Colorado Politics

The Colorado Springs Gazette: State pension continues treading water

After sunset of the legislative session, Colorado remains adrift in a sea of pension debt.

Fewer than 50 minutes before the 2018 session’s mandatory close Wednesday, legislators compromised on the latest rescue attempt of the Public Employees Retirement Association. By one account, unfunded liabilities deluge the plan by $32 billion. Another has the problem at $51 billion.

The compromise disappoints both parties as a measure that offers no sight of dry land.

“This is not a victory. This is treading water, barely,” said Rep.
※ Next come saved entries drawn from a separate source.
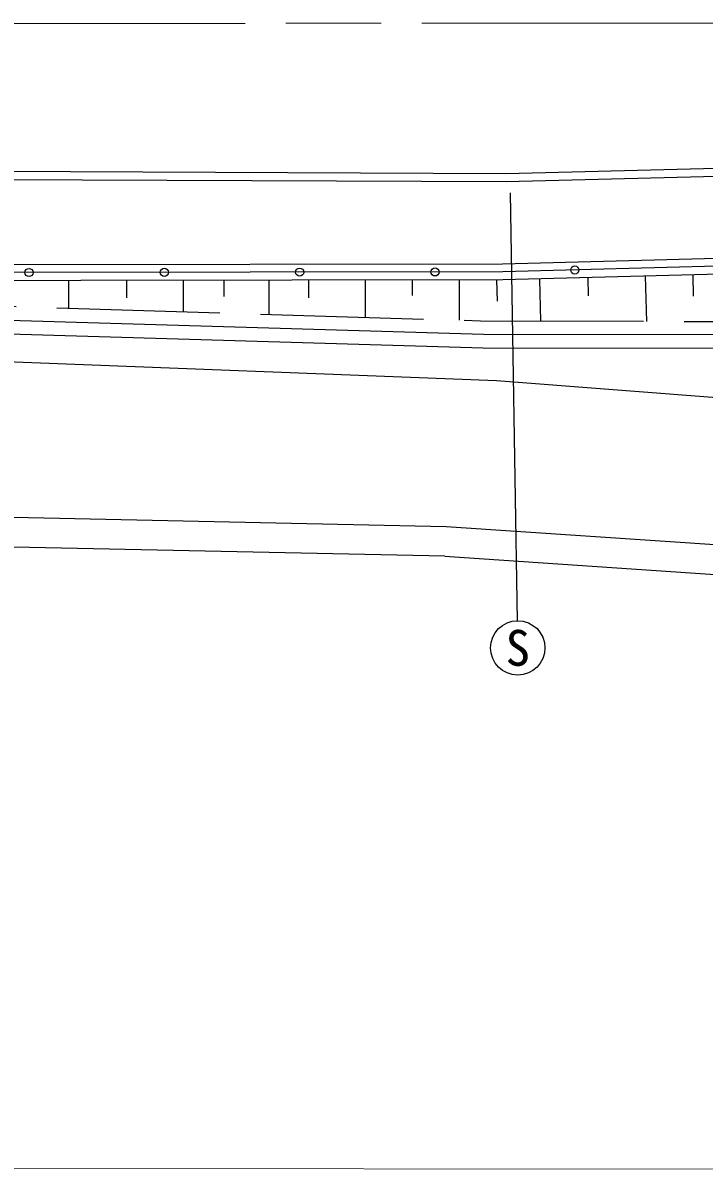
# Model space of a CAD drawing. Units: millimetres, scale not verified. Extents: x 40000 to 680000, y 20000 to 380000.
# Drawn here: x 429420 to 454483, y 244398 to 286719 of the extents above; entities that cross this region are included whole.
import ezdxf
from ezdxf.enums import TextEntityAlignment as Align

# ---------------------------------------------------------------- set-up
doc = ezdxf.new("R2010")
doc.units = ezdxf.units.MM
doc.header["$LTSCALE"] = 1000
doc.linetypes.add('CHAIN', pattern=[18.5, 12, -1.5, 3.5, -1.5])
doc.linetypes.add('DASHED', pattern=[7.5, 6, -1.5])
for name, color, linetype, lineweight in [('M-BGD', 7, 'Continuous', 25), ('M-BGD-EXST', 7, 'Continuous', 25), ('M-BMK', 2, 'CHAIN', 13), ('M-STR-HTXT', 7, 'Continuous', 13)]:
    doc.layers.add(name, color=color, linetype=linetype, lineweight=lineweight)
doc.styles.add('ＭＳ ゴシック', font='')
doc.styles.get('ＭＳ ゴシック').set_extended_font_data('MS Gothic')

msp = doc.modelspace()

# ---------------------------------------------------------------- linework, layer by layer
at = {"layer": 'M-BGD'}
for p, q in [((447194, 281176), (504850, 282628)), ((447197, 280876), (504854, 282328)), ((409874, 281037), (447197, 280876)), ((409875, 281337), (447194, 281176)), ((447072, 277853), (505398, 279376)), ((505401, 279076), (447076, 277553)), ((408383, 277800), (447072, 277853)), ((447076, 277553), (412208, 277505)), ((431097, 277231), (431099, 276212)), ((433224, 277234), (433225, 276601)), ((435309, 277237), (435310, 276084)), ((436813, 277239), (436814, 276646)), ((438462, 277241), (438463, 275987)), ((439930, 277243), (439931, 276594)), ((442007, 277246), (442009, 275879)), ((443741, 277248), (443742, 276687)), ((445468, 277251), (445470, 275773)), ((446845, 277247), (446865, 276477)), ((448428, 277288), (448468, 275742)), ((450203, 277335), (450220, 276669)), ((452321, 277390), (452364, 275730)), ((454067, 277435), (454087, 276663)), ((411393, 276295), (446369, 275253)), ((411378, 275795), (446361, 274753)), ((446369, 275253), (504463, 275197)), ((409169, 275004), (446843, 273554)), ((446361, 274753), (504463, 274697)), ((446843, 273554), (460058, 272528)), ((409159, 268930), (444994, 268177)), ((444994, 268177), (464008, 266901)), ((444946, 267077), (411193, 267787)), ((444946, 267077), (463975, 265801))]:
    msp.add_line(p, q, dxfattribs=at)
at = {"layer": 'M-BGD', "linetype": 'DASHED'}
for p, q in [((408177, 276913), (446259, 275749)), ((446259, 275749), (505077, 275566))]:
    msp.add_line(p, q, dxfattribs=at)
at = {"layer": 'M-BGD'}
msp.add_lwpolyline([(570513, 277607), (556794, 278073), (538741, 278519), (505403, 278776), (447080, 277253), (408244, 277200)], dxfattribs=at)
for centre in [(429642, 277529), (434623, 277536), (439604, 277543), (444585, 277550), (449727, 277622)]:
    msp.add_circle(centre, 150, dxfattribs=at)
at = {"layer": 'M-BGD-EXST'}
msp.add_line((447350, 280466), (447613, 264704), dxfattribs=at)
msp.add_circle((447630, 263704), 1000, dxfattribs=at)
at = {"layer": 'M-BMK'}
msp.add_line((370098, 286677), (469472, 286719), dxfattribs=at)
at = {"layer": 'M-STR-HTXT'}
msp.add_line((415027, 244545), (569349, 244398), dxfattribs=at)

# ---------------------------------------------------------------- texts
at = {"layer": 'M-BGD-EXST', "style": 'ＭＳ ゴシック'}
msp.add_text('S', height=1320, dxfattribs=at).set_placement((447630, 263704), align=Align.MIDDLE_CENTER)

doc.saveas('drawing.dxf')

Lori Saine, R-Firestone, as quoted by Colorado Politics reporter Joey Bunch.

Saine said the bill only keeps tragedy at bay until the torrent of another recession.

House Majority Leader KC Becker, D-Boulder, was no more optimistic.

“No side is happy about the result,” Becker said.

State Treasurer Walker Stapleton, a Republican gubernatorial candidate, serves on the pension board and routinely warns about the fund’s poor buoyancy. He says Wednesday’s rescue effort places too much weight on taxpayers. The bill commits $225 million annually from the general fund.

“That money could and should have been spent elsewhere,” Stapleton told The Gazette.

“Infrastructure and education, for starters. While I appreciate that the Legislature has at long last heeded my call, I am concerned that this amounts to yet another incremental fix on the back of Colorado’s taxpayers. Until we gain the will to structurally fix this system properly for the long term, taxpayers will keep being asked for more money to bail out PERA and we will continue making promises to Colorado’s 600,000 public workers that we can’t fulfill.”

The transportation bill devotes only $50 million of general fund cash to highways, bridges and roads – $175 million less than taxpayers will spend reinflating public-sector retirement rafts.

Gov. John Hickenlooper lobbied for the bill Wednesday at a Democratic caucus meeting, despite its hefty toll on the general fund. Saying taxpayers had contributed enough to public-sector retirements, the governor’s budget proposal in November put no additional pension burden on general funds. Stapleton, other Republicans, and the editorial boards of The Denver Post and The Gazette applauded him.

The pension’s discouraging coordinates undermine dreams of a miraculous rescue.

The bill, which Hickenlooper will undoubtedly sign, increases employee contributions by 2 percent. It reduces the annual 2 percent cost-of-living increase for retirees, deflating it to 1.5 percent. It raises the age for retirement with full benefits from 58 to 64.

Democrats conceded to Republicans an opt-out provision for future public employees, excluding school teachers. Qualifying public workers will have the option to abandon ship on traditional state pension contributions and benefits in favor of defined contribution plans, similar to private-sector 401(k) accounts.

We remain immersed in pension peril, dreading the tides of an economic storm. Legislators and the governor had no easy options, but at least they bought more time.